Rakuten signs agreement to purchase Kobo
Rakuten, Inc. has just announced that it has signed a “definitive agreement” to “to acquire 100% of total issued and outstanding shares” of Kobo for a total of $315 million in cash. According to the press release, Rakuten is “one of the world’s top 3 e-commerce companies by revenue.” Just this February, Kobo’s major American retail partner, Borders, filed for bankruptcy. Rakuten CEO Hiroshi Mikitani had this to say about the acquisition:
We are very excited about this next step. Kobo provides one of the world’s most communal eBook reading experiences with its innovative integration of social media, such as Facebook and Twitter; while Rakuten offers Kobo unparalleled opportunities to extend its reach through some of the world’s largest regional e-commerce companies, including Buy.com in the US, Tradoria in Germany, Rakuten Brazil, Rakuten Taiwan, Lekutian in China, TARAD in Thailand, and Rakuten Belanja Online in Indonesia, and of course, Rakuten Ichiba in Japan.
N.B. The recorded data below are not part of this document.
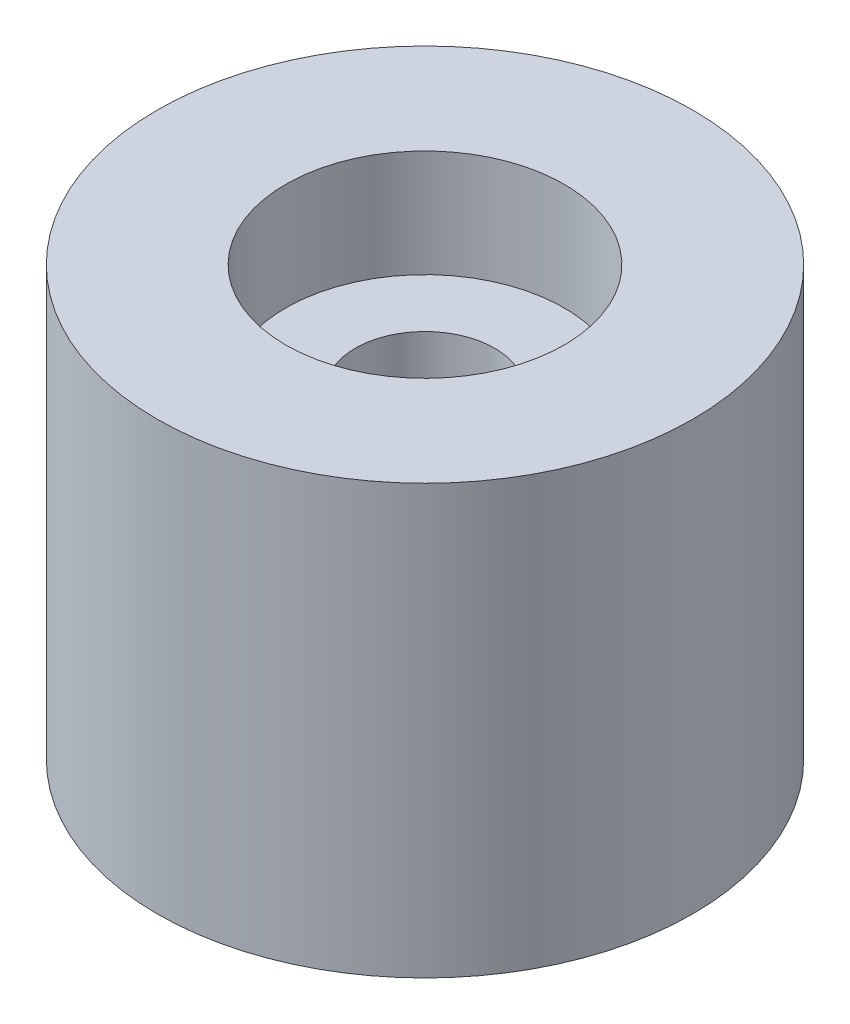
ISO-10303-21;
HEADER;
FILE_DESCRIPTION(('STEP AP214'),'2;1');
FILE_NAME('part.step','',(''),(''),'','','');
FILE_SCHEMA(('AUTOMOTIVE_DESIGN { 1 0 10303 214 1 1 1 1 }'));
ENDSEC;
DATA;
#1=APPLICATION_CONTEXT('core data for automotive mechanical design processes');
#2=APPLICATION_PROTOCOL_DEFINITION('international standard','automotive_design',2000,#1);
#3=PRODUCT_CONTEXT('',#1,'mechanical');
#4=PRODUCT('Part','Part','',(#3));
#5=PRODUCT_RELATED_PRODUCT_CATEGORY('part','',(#4));
#6=PRODUCT_DEFINITION_FORMATION('','',#4);
#7=PRODUCT_DEFINITION_CONTEXT('part definition',#1,'design');
#8=PRODUCT_DEFINITION('design','',#6,#7);
#9=PRODUCT_DEFINITION_SHAPE('','',#8);
#10=(LENGTH_UNIT() NAMED_UNIT(*) SI_UNIT(.MILLI.,.METRE.));
#11=(NAMED_UNIT(*) PLANE_ANGLE_UNIT() SI_UNIT($,.RADIAN.));
#12=(NAMED_UNIT(*) SI_UNIT($,.STERADIAN.) SOLID_ANGLE_UNIT());
#13=UNCERTAINTY_MEASURE_WITH_UNIT(LENGTH_MEASURE(1.E-05),#10,'distance_accuracy_value','');
#14=(GEOMETRIC_REPRESENTATION_CONTEXT(3) GLOBAL_UNCERTAINTY_ASSIGNED_CONTEXT((#13)) GLOBAL_UNIT_ASSIGNED_CONTEXT((#10,
#11,#12)) REPRESENTATION_CONTEXT('',''));
#15=CARTESIAN_POINT('',(0.,0.,0.));
#16=DIRECTION('',(0.,0.,1.));
#17=DIRECTION('',(1.,0.,0.));
#18=AXIS2_PLACEMENT_3D('',#15,#16,#17);
#19=CARTESIAN_POINT('',(0.,20.,0.));
#20=DIRECTION('',(0.,-1.,0.));
#21=DIRECTION('',(0.,0.,-1.));
#22=AXIS2_PLACEMENT_3D('',#19,#20,#21);
#23=CYLINDRICAL_SURFACE('',#22,3.25);
#24=CARTESIAN_POINT('',(0.,4.99999999999999,0.));
#25=DIRECTION('',(0.,1.,0.));
#26=DIRECTION('',(0.,0.,1.));
#27=AXIS2_PLACEMENT_3D('',#24,#25,#26);
#28=CIRCLE('',#27,3.25);
#29=CARTESIAN_POINT('',(0.,4.99999999999999,3.25));
#30=VERTEX_POINT('',#29);
#31=EDGE_CURVE('E44',#30,#30,#28,.T.);
#32=ORIENTED_EDGE('',*,*,#31,.F.);
#33=EDGE_LOOP('',(#32));
#34=FACE_BOUND('',#33,.T.);
#35=CARTESIAN_POINT('',(0.,15.,0.));
#36=DIRECTION('',(0.,1.,0.));
#37=DIRECTION('',(0.,0.,1.));
#38=AXIS2_PLACEMENT_3D('',#35,#36,#37);
#39=CIRCLE('',#38,3.25);
#40=CARTESIAN_POINT('',(0.,15.,3.25));
#41=VERTEX_POINT('',#40);
#42=EDGE_CURVE('E35',#41,#41,#39,.T.);
#43=ORIENTED_EDGE('',*,*,#42,.T.);
#44=EDGE_LOOP('',(#43));
#45=FACE_BOUND('',#44,.T.);
#46=ADVANCED_FACE('F31',(#34,#45),#23,.F.);
#47=CARTESIAN_POINT('',(0.,20.,0.));
#48=DIRECTION('',(0.,1.,0.));
#49=DIRECTION('',(0.,0.,1.));
#50=AXIS2_PLACEMENT_3D('',#47,#48,#49);
#51=PLANE('',#50);
#52=CARTESIAN_POINT('',(0.,20.,0.));
#53=DIRECTION('',(0.,1.,0.));
#54=DIRECTION('',(0.,0.,1.));
#55=AXIS2_PLACEMENT_3D('',#52,#53,#54);
#56=CIRCLE('',#55,6.5);
#57=CARTESIAN_POINT('',(0.,20.,6.5));
#58=VERTEX_POINT('',#57);
#59=EDGE_CURVE('E58',#58,#58,#56,.T.);
#60=ORIENTED_EDGE('',*,*,#59,.F.);
#61=EDGE_LOOP('',(#60));
#62=FACE_BOUND('',#61,.T.);
#63=CARTESIAN_POINT('',(0.,20.,0.));
#64=DIRECTION('',(0.,1.,0.));
#65=DIRECTION('',(0.,0.,1.));
#66=AXIS2_PLACEMENT_3D('',#63,#64,#65);
#67=CIRCLE('',#66,12.5);
#68=CARTESIAN_POINT('',(0.,20.,12.5));
#69=VERTEX_POINT('',#68);
#70=EDGE_CURVE('E10',#69,#69,#67,.T.);
#71=ORIENTED_EDGE('',*,*,#70,.T.);
#72=EDGE_LOOP('',(#71));
#73=FACE_BOUND('',#72,.T.);
#74=ADVANCED_FACE('F80',(#62,#73),#51,.T.);
#75=CARTESIAN_POINT('',(0.,0.,0.));
#76=DIRECTION('',(0.,1.,0.));
#77=DIRECTION('',(0.,0.,1.));
#78=AXIS2_PLACEMENT_3D('',#75,#76,#77);
#79=PLANE('',#78);
#80=CARTESIAN_POINT('',(0.,0.,0.));
#81=DIRECTION('',(0.,1.,0.));
#82=DIRECTION('',(0.,0.,1.));
#83=AXIS2_PLACEMENT_3D('',#80,#81,#82);
#84=CIRCLE('',#83,6.5);
#85=CARTESIAN_POINT('',(0.,0.,6.5));
#86=VERTEX_POINT('',#85);
#87=EDGE_CURVE('E47',#86,#86,#84,.T.);
#88=ORIENTED_EDGE('',*,*,#87,.T.);
#89=EDGE_LOOP('',(#88));
#90=FACE_BOUND('',#89,.T.);
#91=CARTESIAN_POINT('',(0.,0.,0.));
#92=DIRECTION('',(0.,1.,0.));
#93=DIRECTION('',(0.,0.,1.));
#94=AXIS2_PLACEMENT_3D('',#91,#92,#93);
#95=CIRCLE('',#94,12.5);
#96=CARTESIAN_POINT('',(0.,0.,12.5));
#97=VERTEX_POINT('',#96);
#98=EDGE_CURVE('E39',#97,#97,#95,.T.);
#99=ORIENTED_EDGE('',*,*,#98,.F.);
#100=EDGE_LOOP('',(#99));
#101=FACE_BOUND('',#100,.T.);
#102=ADVANCED_FACE('F86',(#90,#101),#79,.F.);
#103=CARTESIAN_POINT('',(0.,20.,0.));
#104=DIRECTION('',(0.,-1.,0.));
#105=DIRECTION('',(0.,0.,-1.));
#106=AXIS2_PLACEMENT_3D('',#103,#104,#105);
#107=CYLINDRICAL_SURFACE('',#106,12.5);
#108=ORIENTED_EDGE('',*,*,#70,.F.);
#109=EDGE_LOOP('',(#108));
#110=FACE_BOUND('',#109,.T.);
#111=ORIENTED_EDGE('',*,*,#98,.T.);
#112=EDGE_LOOP('',(#111));
#113=FACE_BOUND('',#112,.T.);
#114=ADVANCED_FACE('F33',(#110,#113),#107,.T.);
#115=CARTESIAN_POINT('',(0.,4.99999999999999,0.));
#116=DIRECTION('',(0.,-1.,0.));
#117=DIRECTION('',(0.,0.,-1.));
#118=AXIS2_PLACEMENT_3D('',#115,#116,#117);
#119=CYLINDRICAL_SURFACE('',#118,6.5);
#120=CARTESIAN_POINT('',(0.,4.99999999999999,0.));
#121=DIRECTION('',(0.,1.,0.));
#122=DIRECTION('',(0.,0.,1.));
#123=AXIS2_PLACEMENT_3D('',#120,#121,#122);
#124=CIRCLE('',#123,6.5);
#125=CARTESIAN_POINT('',(0.,4.99999999999999,6.5));
#126=VERTEX_POINT('',#125);
#127=EDGE_CURVE('E50',#126,#126,#124,.T.);
#128=ORIENTED_EDGE('',*,*,#127,.T.);
#129=EDGE_LOOP('',(#128));
#130=FACE_BOUND('',#129,.T.);
#131=ORIENTED_EDGE('',*,*,#87,.F.);
#132=EDGE_LOOP('',(#131));
#133=FACE_BOUND('',#132,.T.);
#134=ADVANCED_FACE('F90',(#130,#133),#119,.F.);
#135=CARTESIAN_POINT('',(0.,4.99999999999999,0.));
#136=DIRECTION('',(0.,1.,0.));
#137=DIRECTION('',(0.,0.,1.));
#138=AXIS2_PLACEMENT_3D('',#135,#136,#137);
#139=PLANE('',#138);
#140=ORIENTED_EDGE('',*,*,#31,.T.);
#141=EDGE_LOOP('',(#140));
#142=FACE_BOUND('',#141,.T.);
#143=ORIENTED_EDGE('',*,*,#127,.F.);
#144=EDGE_LOOP('',(#143));
#145=FACE_BOUND('',#144,.T.);
#146=ADVANCED_FACE('F76',(#142,#145),#139,.F.);
#147=CARTESIAN_POINT('',(0.,15.,0.));
#148=DIRECTION('',(0.,1.,0.));
#149=DIRECTION('',(0.,0.,1.));
#150=AXIS2_PLACEMENT_3D('',#147,#148,#149);
#151=CYLINDRICAL_SURFACE('',#150,6.5);
#152=CARTESIAN_POINT('',(0.,15.,0.));
#153=DIRECTION('',(0.,1.,0.));
#154=DIRECTION('',(0.,0.,1.));
#155=AXIS2_PLACEMENT_3D('',#152,#153,#154);
#156=CIRCLE('',#155,6.5);
#157=CARTESIAN_POINT('',(0.,15.,6.5));
#158=VERTEX_POINT('',#157);
#159=EDGE_CURVE('E61',#158,#158,#156,.T.);
#160=ORIENTED_EDGE('',*,*,#159,.F.);
#161=EDGE_LOOP('',(#160));
#162=FACE_BOUND('',#161,.T.);
#163=ORIENTED_EDGE('',*,*,#59,.T.);
#164=EDGE_LOOP('',(#163));
#165=FACE_BOUND('',#164,.T.);
#166=ADVANCED_FACE('F71',(#162,#165),#151,.F.);
#167=CARTESIAN_POINT('',(0.,15.,0.));
#168=DIRECTION('',(0.,1.,0.));
#169=DIRECTION('',(0.,0.,1.));
#170=AXIS2_PLACEMENT_3D('',#167,#168,#169);
#171=PLANE('',#170);
#172=ORIENTED_EDGE('',*,*,#42,.F.);
#173=EDGE_LOOP('',(#172));
#174=FACE_BOUND('',#173,.T.);
#175=ORIENTED_EDGE('',*,*,#159,.T.);
#176=EDGE_LOOP('',(#175));
#177=FACE_BOUND('',#176,.T.);
#178=ADVANCED_FACE('F69',(#174,#177),#171,.T.);
#179=CLOSED_SHELL('',(#46,#74,#102,#114,#134,#146,#166,#178));
#180=MANIFOLD_SOLID_BREP('B2',#179);
#181=ADVANCED_BREP_SHAPE_REPRESENTATION('',(#18,#180),#14);
#182=SHAPE_DEFINITION_REPRESENTATION(#9,#181);
ENDSEC;
END-ISO-10303-21;

We just got off a conference call with Kobo CEO Michael Serbinis, and he stressed that the acquisition was made to help Kobo expand its market share internationally and to gain the resources needed to continue to grow the company. It wasn’t borne of necessity after the Borders liquidation, and Kobo was never shopping itself to potential buyers — the partnership with Rakuten just made good business sense. And it’s not just about making money abroad, either. Serbinis was also quick to point out that partnering up with Rakuten-owned Buy.com gives Kobo a channel to increase its presence in the US as well. Looks like the e-reader market’s about to really heat up, and not just because of the Fire.